*** Opening EXTRACTED ENTRIES ***
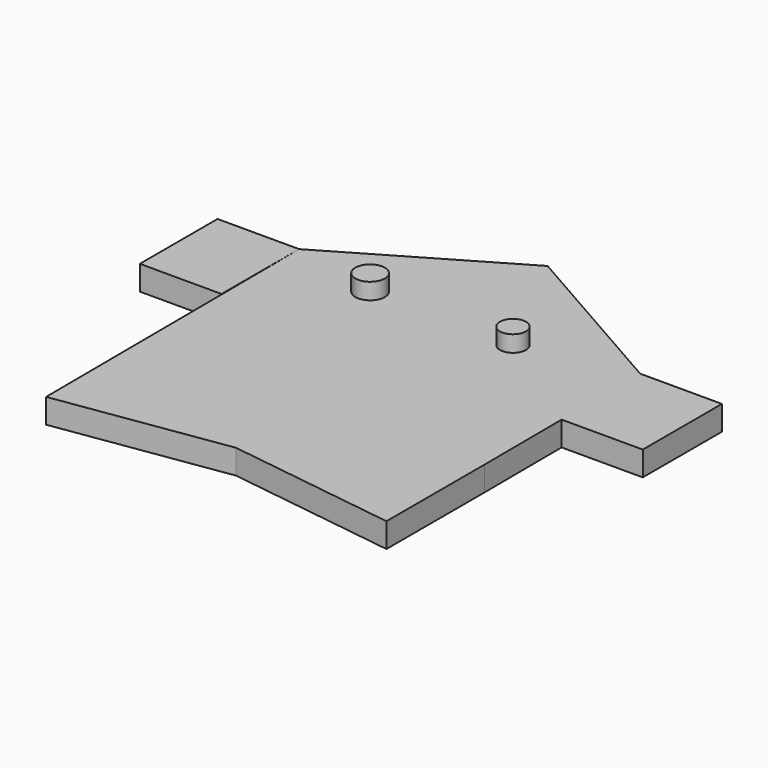
from build123d import *

# Parameters (mm, degrees)
F1_DEPTH = 7.62
F0_W     = 25.4
F0_H     = 30.1927982898
F4_R     = 4.0575582534
F5_DEPTH = 5.08
F6_R     = 4.5826589952
F7_DEPTH = 5.08


# Not quite as in the source:
# - the program builds the solid bodies; features that only make, move or delete a surface that nothing else refers to are left out


with BuildPart() as f1:
    # F0 (on Top) → F1 (new body)
    with BuildSketch(Plane.XY):
        Polygon((52.9576862357, -30.1927982898), (0.3311127876, -60.9591007506), (52.9576862357, -68.2927982898), align=None)
        Polygon((78.0265734481, 30.7663024608), (52.6265734481, 30.7663024608), (52.793687399, 0), (78.0265734481, 0), align=None)
        Polygon((0.3311127876, -60.9591007506), (-52.6265734481, -30.7663024608), (-52.4196279559, -68.86574043), align=None)
        Polygon((-0.3311127876, 60.9591007506), (-52.9576862357, 30.1927982898), (-52.6265734481, -30.7663024608), (0.3311127876, -60.9591007506), (52.9576862357, -30.1927982898), (52.793687399, 0), (52.6265734481, 0), (52.6265734481, 30.7663024608), align=None)
        Polygon((52.793687399, 0), (52.6265734481, 30.7663024608), (52.6265734481, 0), align=None)
    extrude(amount=F1_DEPTH)

    # F4 (on face) → F5 (join)
    with BuildSketch(Plane.XY.offset(7.62)):
        with Locations((19.1078484058, 23.2041683048)):
            Circle(F4_R)
    extrude(amount=F5_DEPTH)

    # F6 (on face) → F7 (join)
    with BuildSketch(Plane.XY.offset(7.62)):
        with Locations((-25.5514662713, 23.4908163548)):
            Circle(F6_R)
    extrude(amount=F7_DEPTH)


with BuildPart() as f1b:
    # F0 (on Top) → F1, piece 2 (new body)
    with BuildSketch(Plane.XY):
        with Locations((-65.6576862357, 15.0963991449)):
            Rectangle(F0_W, F0_H)
    extrude(amount=F1_DEPTH)


solid = Compound([f1.part, f1b.part])
*** Closing EXTRACTED ENTRIES ***
Only lines holding the string "align" are wanted; gather each one from the entries above.

        Polygon((52.9576862357, -30.1927982898), (0.3311127876, -60.9591007506), (52.9576862357, -68.2927982898), align=None)
        Polygon((78.0265734481, 30.7663024608), (52.6265734481, 30.7663024608), (52.793687399, 0), (78.0265734481, 0), align=None)
        Polygon((0.3311127876, -60.9591007506), (-52.6265734481, -30.7663024608), (-52.4196279559, -68.86574043), align=None)
        Polygon((-0.3311127876, 60.9591007506), (-52.9576862357, 30.1927982898), (-52.6265734481, -30.7663024608), (0.3311127876, -60.9591007506), (52.9576862357, -30.1927982898), (52.793687399, 0), (52.6265734481, 0), (52.6265734481, 30.7663024608), align=None)
        Polygon((52.793687399, 0), (52.6265734481, 30.7663024608), (52.6265734481, 0), align=None)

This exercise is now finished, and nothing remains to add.